Sorry, I don’t believe you’re an Anarchist when you’re wearing Dolce & Gabbana glasses, my glasses are whatever random brand are covered by the UAW-GM healthcare plan that I can get every two years. They were pretty much all upper middle class white kids. I have no problem with true class traitors, but they were totally white and very much upper middle class kids from wealthy sections of suburban Metro Detroit, and had no idea how working class people lived. YDS was fairly diverse, we tried to make it more-so, and we were also partnered up with our brothers and sisters in the W.E.B. Du Bois Society for many events, and had lots of dual membership. Also almost all of our founding members came from Union households. Not a requirement for becoming a radical, but it think it helped give us a start in class consciousness. Five of the seven founding members had a parent or parents that were members of the United Auto Workers, Teamsters, Michigan Education Association (NEA), or American Federation of Teachers. It was refreshing to be around more union kids, so many that go to MSU are from the richer areas of Metro Detroit and know very little about unions and what they do for workers.

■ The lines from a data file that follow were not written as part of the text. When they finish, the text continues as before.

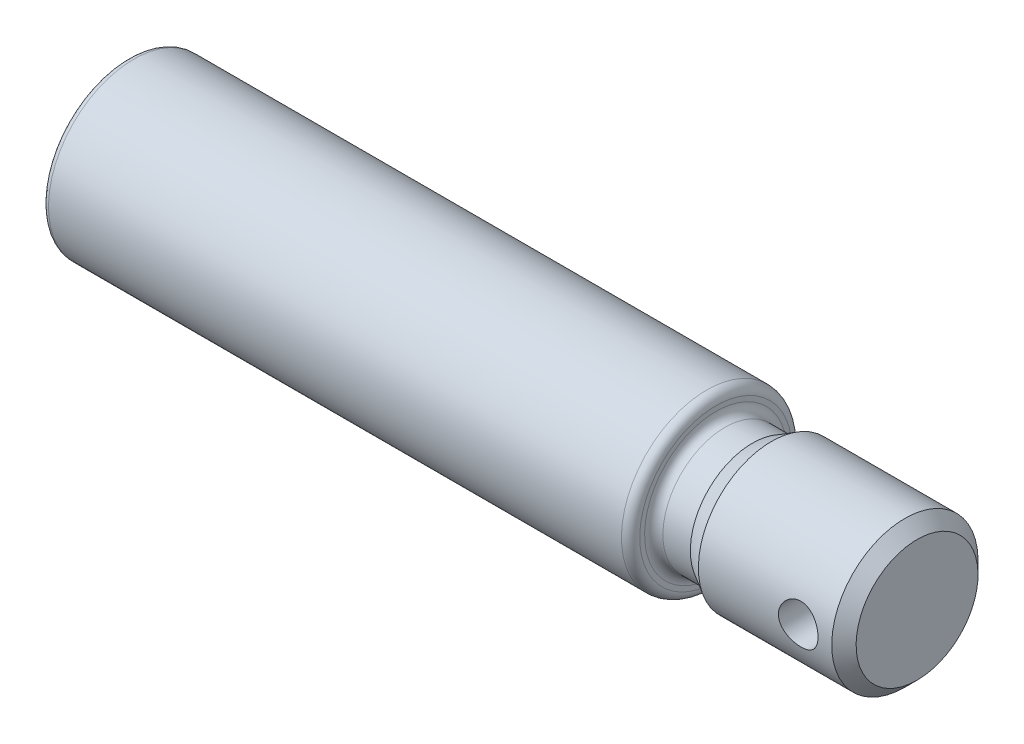
ISO-10303-21;
HEADER;
FILE_DESCRIPTION(('STEP AP214'),'2;1');
FILE_NAME('part.step','',(''),(''),'','','');
FILE_SCHEMA(('AUTOMOTIVE_DESIGN { 1 0 10303 214 1 1 1 1 }'));
ENDSEC;
DATA;
#1=APPLICATION_CONTEXT('core data for automotive mechanical design processes');
#2=APPLICATION_PROTOCOL_DEFINITION('international standard','automotive_design',2000,#1);
#3=PRODUCT_CONTEXT('',#1,'mechanical');
#4=PRODUCT('Part','Part','',(#3));
#5=PRODUCT_RELATED_PRODUCT_CATEGORY('part','',(#4));
#6=PRODUCT_DEFINITION_FORMATION('','',#4);
#7=PRODUCT_DEFINITION_CONTEXT('part definition',#1,'design');
#8=PRODUCT_DEFINITION('design','',#6,#7);
#9=PRODUCT_DEFINITION_SHAPE('','',#8);
#10=(LENGTH_UNIT() NAMED_UNIT(*) SI_UNIT(.MILLI.,.METRE.));
#11=(NAMED_UNIT(*) PLANE_ANGLE_UNIT() SI_UNIT($,.RADIAN.));
#12=(NAMED_UNIT(*) SI_UNIT($,.STERADIAN.) SOLID_ANGLE_UNIT());
#13=UNCERTAINTY_MEASURE_WITH_UNIT(LENGTH_MEASURE(1.E-05),#10,'distance_accuracy_value','');
#14=(GEOMETRIC_REPRESENTATION_CONTEXT(3) GLOBAL_UNCERTAINTY_ASSIGNED_CONTEXT((#13)) GLOBAL_UNIT_ASSIGNED_CONTEXT((#10,
#11,#12)) REPRESENTATION_CONTEXT('',''));
#15=CARTESIAN_POINT('',(0.,0.,0.));
#16=DIRECTION('',(0.,0.,1.));
#17=DIRECTION('',(1.,0.,0.));
#18=AXIS2_PLACEMENT_3D('',#15,#16,#17);
#19=CARTESIAN_POINT('',(129.5,10.0000000000006,0.));
#20=DIRECTION('',(-1.,0.,0.));
#21=DIRECTION('',(0.,-1.,0.));
#22=AXIS2_PLACEMENT_3D('',#19,#20,#21);
#23=PLANE('',#22);
#24=CARTESIAN_POINT('',(129.5,5.55111512312578E-13,0.));
#25=DIRECTION('',(-1.,0.,0.));
#26=DIRECTION('',(0.,-1.,0.));
#27=AXIS2_PLACEMENT_3D('',#24,#25,#26);
#28=CIRCLE('',#27,10.);
#29=CARTESIAN_POINT('',(129.5,-9.99999999999947,0.));
#30=VERTEX_POINT('',#29);
#31=EDGE_CURVE('E10',#30,#30,#28,.T.);
#32=ORIENTED_EDGE('',*,*,#31,.F.);
#33=EDGE_LOOP('',(#32));
#34=FACE_BOUND('',#33,.T.);
#35=ADVANCED_FACE('F45',(#34),#23,.F.);
#36=CARTESIAN_POINT('',(129.5,5.55111512312578E-13,0.));
#37=DIRECTION('',(-1.,0.,0.));
#38=DIRECTION('',(0.,-1.,0.));
#39=AXIS2_PLACEMENT_3D('',#36,#37,#38);
#40=CONICAL_SURFACE('',#39,10.,0.785398163397442);
#41=CARTESIAN_POINT('',(127.5,5.55111512312578E-13,0.));
#42=DIRECTION('',(-1.,0.,0.));
#43=DIRECTION('',(0.,-1.,0.));
#44=AXIS2_PLACEMENT_3D('',#41,#42,#43);
#45=CIRCLE('',#44,12.);
#46=CARTESIAN_POINT('',(127.5,-11.9999999999994,0.));
#47=VERTEX_POINT('',#46);
#48=EDGE_CURVE('E57',#47,#47,#45,.T.);
#49=ORIENTED_EDGE('',*,*,#48,.F.);
#50=EDGE_LOOP('',(#49));
#51=FACE_BOUND('',#50,.T.);
#52=ORIENTED_EDGE('',*,*,#31,.T.);
#53=EDGE_LOOP('',(#52));
#54=FACE_BOUND('',#53,.T.);
#55=ADVANCED_FACE('F113',(#51,#54),#40,.T.);
#56=CARTESIAN_POINT('',(-12.9941570986978,0.,0.));
#57=DIRECTION('',(-1.,0.,0.));
#58=DIRECTION('',(0.,-1.,0.));
#59=AXIS2_PLACEMENT_3D('',#56,#57,#58);
#60=CYLINDRICAL_SURFACE('',#59,12.);
#61=CARTESIAN_POINT('',(125.25,5.55111512312578E-13,-12.));
#62=CARTESIAN_POINT('',(125.249995968658,0.17905970581161,-11.9999974067524));
#63=CARTESIAN_POINT('',(125.235152423038,0.358162194554409,-11.9959528927753));
#64=CARTESIAN_POINT('',(125.176279744302,0.711200975041309,-11.9802115724022));
#65=CARTESIAN_POINT('',(125.132237209631,0.885134856214752,-11.9685112522283));
#66=CARTESIAN_POINT('',(125.016508571117,1.22268994025484,-11.9387486205651));
#67=CARTESIAN_POINT('',(124.944858733473,1.38632434626749,-11.9206946581914));
#68=CARTESIAN_POINT('',(124.776085542803,1.69925446326084,-11.8801289287596));
#69=CARTESIAN_POINT('',(124.678960280973,1.84854909865624,-11.8576168276963));
#70=CARTESIAN_POINT('',(124.45954784599,2.13212278463193,-11.8099614537859));
#71=CARTESIAN_POINT('',(124.336765666513,2.26601108976946,-11.7847721024861));
#72=CARTESIAN_POINT('',(124.070582500674,2.51157011150898,-11.7348945167404));
#73=CARTESIAN_POINT('',(123.927178774759,2.62323787142844,-11.7102063493743));
#74=CARTESIAN_POINT('',(123.620682093725,2.82310891286194,-11.6636532207235));
#75=CARTESIAN_POINT('',(123.457284257777,2.91085943069166,-11.6418462962767));
#76=CARTESIAN_POINT('',(123.117367929532,3.05748758676788,-11.6042035599793));
#77=CARTESIAN_POINT('',(122.940851948899,3.11637073578133,-11.5883666085971));
#78=CARTESIAN_POINT('',(122.584045033272,3.20222941743988,-11.5649332053982));
#79=CARTESIAN_POINT('',(122.40393724171,3.22991486946354,-11.5571537492437));
#80=CARTESIAN_POINT('',(122.041478377606,3.25480601359498,-11.550169658354));
#81=CARTESIAN_POINT('',(121.859127745363,3.25201759564893,-11.5509633666094));
#82=CARTESIAN_POINT('',(121.502927317824,3.21660303618256,-11.5608723211281));
#83=CARTESIAN_POINT('',(121.328984006372,3.18483941596985,-11.5697470027403));
#84=CARTESIAN_POINT('',(120.988992758671,3.09375898163074,-11.5944322882659));
#85=CARTESIAN_POINT('',(120.822945472364,3.03443990365648,-11.6102434620481));
#86=CARTESIAN_POINT('',(120.501228111676,2.88923777652297,-11.6472293753739));
#87=CARTESIAN_POINT('',(120.345700466042,2.80305508116802,-11.6684641027806));
#88=CARTESIAN_POINT('',(120.051013125676,2.60678105916498,-11.7138726695017));
#89=CARTESIAN_POINT('',(119.911856752961,2.49668489291539,-11.7380471033164));
#90=CARTESIAN_POINT('',(119.648938220494,2.25131402940869,-11.7876095533621));
#91=CARTESIAN_POINT('',(119.525852675321,2.1153160005296,-11.8130110161621));
#92=CARTESIAN_POINT('',(119.304094550353,1.82429747171834,-11.8614360880669));
#93=CARTESIAN_POINT('',(119.205422993634,1.66927617501864,-11.8844595974995));
#94=CARTESIAN_POINT('',(119.034982786059,1.34354227847815,-11.9256837284825));
#95=CARTESIAN_POINT('',(118.963339850026,1.17276084375125,-11.9438617004604));
#96=CARTESIAN_POINT('',(118.849978610778,0.82097222283663,-11.9731830268216));
#97=CARTESIAN_POINT('',(118.808253555637,0.639967353847,-11.9843279683646));
#98=CARTESIAN_POINT('',(118.75698245266,0.278641590545642,-11.9980861525499));
#99=CARTESIAN_POINT('',(118.74651685938,0.0984602598306734,-12.0009431238455));
#100=CARTESIAN_POINT('',(118.755517808259,-0.261084184609505,-11.9985059002692));
#101=CARTESIAN_POINT('',(118.774981151625,-0.440447383721336,-11.9932125764972));
#102=CARTESIAN_POINT('',(118.842534352927,-0.789959650603201,-11.9752272412402));
#103=CARTESIAN_POINT('',(118.890108409092,-0.960215908486088,-11.9626686250233));
#104=CARTESIAN_POINT('',(119.011931049501,-1.29031230453647,-11.9315801133749));
#105=CARTESIAN_POINT('',(119.086182569757,-1.45015129393458,-11.9130495607202));
#106=CARTESIAN_POINT('',(119.260938446033,-1.75842653087307,-11.8715050665028));
#107=CARTESIAN_POINT('',(119.361939201271,-1.90656999023862,-11.8484087017404));
#108=CARTESIAN_POINT('',(119.586705051626,-2.18412739789426,-11.8004008855669));
#109=CARTESIAN_POINT('',(119.710474789748,-2.31353751648422,-11.7754890645785));
#110=CARTESIAN_POINT('',(119.981561112471,-2.55385110168736,-11.7257564789882));
#111=CARTESIAN_POINT('',(120.129459027447,-2.66410496164846,-11.7009595471868));
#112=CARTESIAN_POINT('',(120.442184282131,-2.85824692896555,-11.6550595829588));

Ok, I just realized this turned into a huge “Why I hate Anarchists” rant. I swear I’m not a huge authoritarian anti democracy dick. I just like some sense of structure, it makes things orderly. There were times when we worked with SEJ that things went smoothly, and most of them were fine people. I like many things about Anarchism and there are many great Anarchist thinkers (Goldman, Kropotkin, Chomsky are some of my faves) that I dig. Democratic Socialists and Anarchists do have a lot in common (Chomsky is actually a DSA member I believe). I didn’t mean to write on and on bashing anarchists, but I honestly can’t stand consensus democracy, and it’s one of the things that is killing what’s left of Occupy Wallstreet (not the whole movement, but the Zucotti park site). The GA can’t do anything if a few people are going to block everything and shout every proposal down.
Also while I want to help the homeless, I do not see many of the lumpen proletariat as revolutionary. No Maoism for me. (Though on a side note, I got Bobby Seale of the Black Panthers to sign my copy of the Little Red Book when he came to speak at MSU to the Young Democratic Socialists and Du Bois Society at a nice big event.)
I hate and kind of super majority like the 60% in the Senate to not be filibustered, or 2/3 of states to ratify an amendment to the constitution. Simple majority please.